Pero tampoco es de la lente gravitatoria de lo que les quiero hablar. De lo que les quiero hablar es de las nubes que se han detectado en A2744_YD4. Unas sorprendentes nubes. ¿Por qué sorprendentes? Ni más ni menos porque están formadas por polvo interestelar, lo que indica que en esa galaxia ya había habido una generación de estrellas que nacieron, crecieron y estallaron como supernovas, enriqueciendo el medio interestelar con los materiales que forman esa nube que, a saber, son principalmente silicio, carbono, aluminio y oxígeno agrupados en partículas micrométricas. “A2744_YD4 no es solo la galaxia más lejana observada hasta ahora por ALMA, sino que la detección de tanto polvo indica que esta galaxia ya había sido contaminada por supernovas tempranas”, afirma Nicolas Laporte, investigador del University College de Londres y autor principal del artículo que expone la investigación (Laporte et al. 2017).
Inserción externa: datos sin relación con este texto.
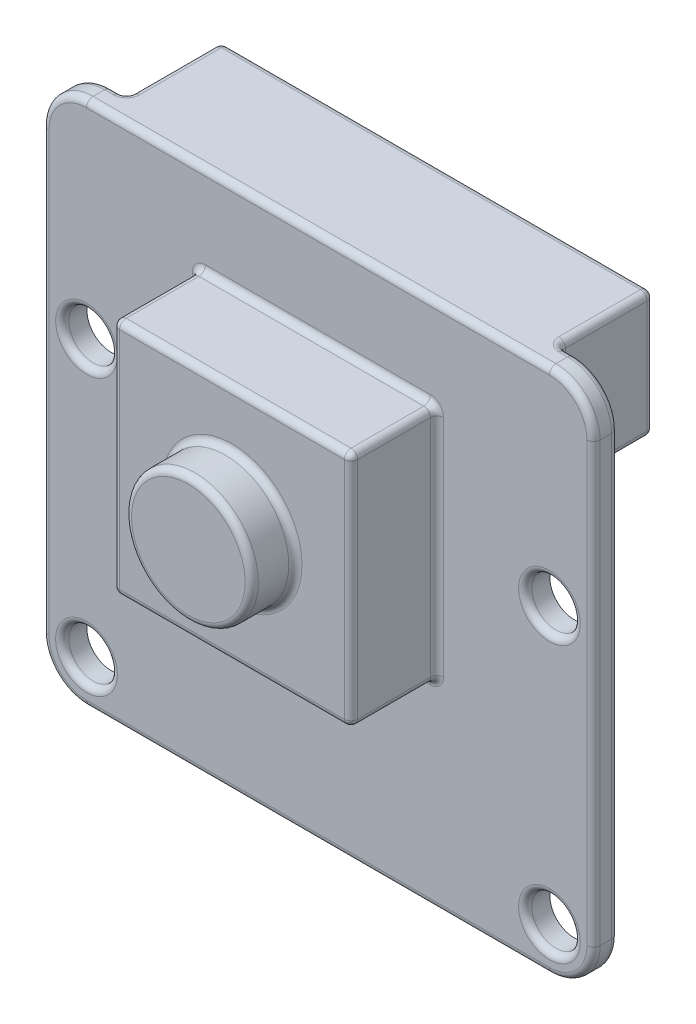
SolidWorks part; units mm, degrees
ref_plane "Front Plane" through (0, 0, 0) normal (0, 0, 1) x (1, 0, 0)
ref_plane "Top Plane" through (0, 0, 0) normal (0, 1, 0) x (1, 0, 0)
ref_plane "Right Plane" through (0, 0, 0) normal (1, 0, 0) x (0, 0, -1)
sketch "Sketch1" plane through (0, 0, 0) normal (0, 0, 1) x (1, 0, 0)
  line L1 (-12.5, 11.935) -> (12.5, 11.935)
  line L2 (-12.5, 11.935) -> (-12.5, -11.935)
  line L3 (-12.5, -11.935) -> (12.5, -11.935)
  line L4 (12.5, 11.935) -> (12.5, -11.935)
  line L5 (-12.5, 11.935) -> (12.5, -11.935) construction
  line L6 (-12.5, -11.935) -> (12.5, 11.935) construction
  point P0 (0, 0)
  dimension "D1" = 23.87
  dimension "D2" = 25
extrude "Boss-Extrude1" add sketch "Sketch1" along normal blind 1.12
sketch "Sketch2" plane through (0, 0, 1.12) normal (0, 0, 1) x (1, 0, 0)
  line L1 (-5.4, 7.865) -> (5.4, 7.865)
  line L2 (-5.4, 7.865) -> (-5.4, -2.935)
  line L3 (-5.4, -2.935) -> (5.4, -2.935)
  line L4 (5.4, 7.865) -> (5.4, -2.935)
  line L5 (-5.4, 7.865) -> (5.4, -2.935) construction
  line L6 (-5.4, -2.935) -> (5.4, 7.865) construction
  line L7 (-12.5, -11.935) -> (12.5, -11.935) construction
  point P0 (0, 2.465)
  dimension "D1" = 10.8
  dimension "D2" = 10.8
  dimension "D3" = 14.4
extrude "Boss-Extrude2" add sketch "Sketch2" along normal blind 3.9
sketch "Sketch3" plane through (0, 0, 5.02) normal (0, 0, 1) x (1, 0, 0)
  circle A0 centre (0, 2.465) radius 2.875
  dimension "D1" = 5.75
extrude "Boss-Extrude3" add sketch "Sketch3" along normal offset from surface (1.98 mm away) 7 up to face at (0, 0, 0)
sketch "Sketch4" plane through (0, 0, 1.12) normal (0, 0, 1) x (1, 0, 0)
  line L0 (-12.5, -11.935) -> (12.5, -11.935) construction
  line L1 (-12.5, 11.935) -> (-12.5, -11.935) construction
  line L2 (0, -11.935) -> (0, -8.3687) construction
  circle A0 centre (-10.5, 2.565) radius 1.1
  circle A1 centre (-10.5, -9.935) radius 1.1
  circle A2 centre (10.5, -9.935) radius 1.1
  circle A3 centre (10.5, 2.565) radius 1.1
  dimension "D1" = 2.2
  dimension "D3" = 2.2
  dimension "D4" = 2
  dimension "D2" = 14.5
  dimension "D5" = 2
  dimension "D6" = 2
extrude "Cut-Extrude1" cut sketch "Sketch4" against normal blind 7
fillet "Fillet1" radius 2 4 edges at (12.5, -11.935, 0.56) (-12.5, -11.935, 0.56) (12.5, 11.935, 0.56) (-12.5, 11.935, 0.56)
sketch "Sketch5" plane through (0, 0, 0) normal (0, 0, -1) x (-1, 0, 0)
  line L0 (-10.5, 11.935) -> (10.5, 11.935) construction
  line L1 (-9.805, 11.935) -> (9.805, 11.935)
  line L2 (-9.805, 11.935) -> (-9.805, 6.225)
  line L3 (-9.805, 6.225) -> (9.805, 6.225)
  line L4 (9.805, 11.935) -> (9.805, 6.225)
  line L5 (-9.805, 11.935) -> (9.805, 6.225) construction
  line L6 (-9.805, 6.225) -> (9.805, 11.935) construction
  line L7 (0, 11.935) -> (0, 14.0683) construction
  point P0 (0, 9.08)
  point P9 (0, 11.935)
  dimension "D1" = 19.61
  dimension "D2" = 5.71
extrude "Boss-Extrude4" add sketch "Sketch5" along normal offset from surface (4.3 mm away) 11.3 up to face at (2.875, 2.465, 7)
fillet "Fillet2" radius 0.3 34 edges at (0, -11.935, 0) (-11.9142, -11.3492, 0) (11.9142, -11.3492, 0) (-12.5, 0, 0) (12.5, 0, 0) (-11.9142, 11.3492, 0) (11.9142, 11.3492, 0) (-10.1525, 11.935, 0) (10.1525, 11.935, 0) (-5.4, 2.465, 1.12) (-5.4, -2.935, 3.07) (0, -2.935, 1.12) (5.4, -2.935, 3.07) (5.4, 2.465, 1.12) (5.4, 7.865, 3.07) (-5.4, 7.865, 3.07) (0, 7.865, 1.12) (0, -2.935, 5.02) (-5.4, 2.465, 5.02) (0, 7.865, 5.02) (5.4, 2.465, 5.02) (2.875, 2.465, 5.02) (2.875, 2.465, 7) (-9.805, 9.08, 0) (-9.805, 11.935, -2.15) (9.805, 9.08, 0) (9.805, 11.935, -2.15) (0, 6.225, 0) (9.805, 6.225, -2.15) (-9.805, 6.225, -2.15) (-9.805, 9.08, -4.3) (0, 6.225, -4.3) (9.805, 9.08, -4.3) (0, 11.935, -4.3)
fillet "Fillet3" radius 0.3 12 edges at (-11.9142, -11.3492, 1.12) (-12.5, 0, 1.12) (-11.9142, 11.3492, 1.12) (0, 11.935, 1.12) (11.9142, 11.3492, 1.12) (12.5, 0, 1.12) (11.9142, -11.3492, 1.12) (0, -11.935, 1.12) (-9.4, 2.565, 1.12) (-9.4, -9.935, 1.12) (9.4, -9.935, 1.12) (9.4, 2.565, 1.12)
sketch "Sketch6" plane through (0, 0, 7) normal (0, 0, 1) x (1, 0, 0)
  point P0 (0, 2.465)
sketch "Sketch7" plane through (0, 0, 7) normal (0, 0, 1) x (1, 0, 0)
  line L0 (0, 2.465) -> (0, 4.4177) construction
  line L3 (0, 2.465) -> (1.5211, 2.465) construction
ref_axis "Axis1" through (0, 2.465, 567.1851) along (0, 0, -1)
ref_axis "Axis2" through (-592.1945, 2.465, 7) along (1, 0, 0)
ref_axis "Axis3" through (0, -3210.6809, 7) along (0, 1, 0)
ref_plane "Plane1" through (0, 0, 0) normal (1, 0, 0) x (0, 0, -1)
ref_plane "Plane2" through (0, 2.465, 0) normal (0, 1, 0) x (1, 0, 0)
ref_plane "Plane3" through (0, 0, 7) normal (0, 0, 1) x (1, 0, 0)

Y esto que explica Laporte es precisamente lo interesante: resulta que cuando el universo tenía 600 millones de años, ya hubo una generación de estrellas que inyectó elementos pesados en el medio interestelar y que, con el paso del tiempo, formaron parte de nubes como las que hemos encontrado en A2744_YD4. Estos hallazgos apuntan a que 200 millones de años antes del momento en el que estamos observando esta galaxia, es decir, cuando el universo tenía 400 millones de años, comenzó una fase de gran actividad estelar que bien se podría considerar un “amanecer cósmico” que marca el origen de las primeras estrellas y 13.000 millones de años después apareció nuestro Sol, nuestro sistema solar y, por supuesto, nuestro planeta.
Representación artística de la galaxia A2744_YD4 donde se aprecian ingentes cantidades de polvo. Créditos: ESO/M. Kornmesser (imagen original).
Este hallazgo supone, además, la detección más temprana de oxígeno ionizado superando incluso un hallazgo anterior realizado también por ALMA (Inoue et al. 2016) que fijó esa fecha en 700 millones de años tras el Big Bang, situando ahora ese récord  100 millones de años antes. Sin duda, todo un hallazgo que resulta relevante para comprender cuándo se formaron las primeras estrellas y galaxias.
Por último, un par de datos curiosos: A2744_YD4 tiene una masa equivalente a unos 2.000 millones de soles, mientras que la cantidad de polvo acumulado en esta galaxia asciende a 6 millones de masas solares. Con estos datos y, teniendo en cuenta la edad de la galaxia, se puede inducir que A2744_YD4 generaba estrellas a un ritmo de 20 masas solares por año, algo espectacular si lo comparamos con el ritmo actual de nuestra Vía Láctea que es de una sola masa solar al año. Y para poner el punto y final, una frase del propio Laporte en referencia a este descubrimiento:
“Poder hacer medidas de este tipo en el futuro, ofrece la emocionante posibilidad de trazar la formación temprana de las estrellas y estudiar la creación de los elementos químicos más pesados yendo aún más atrás, retrocediendo al universo temprano”.
Referencias:
– Laporte, N. et al (2017). “Dust in the Reionization Era: ALMA Observations of a z =8.38 Gravitationally-Lensed Galaxy“. The Astrophysical Journal Letters.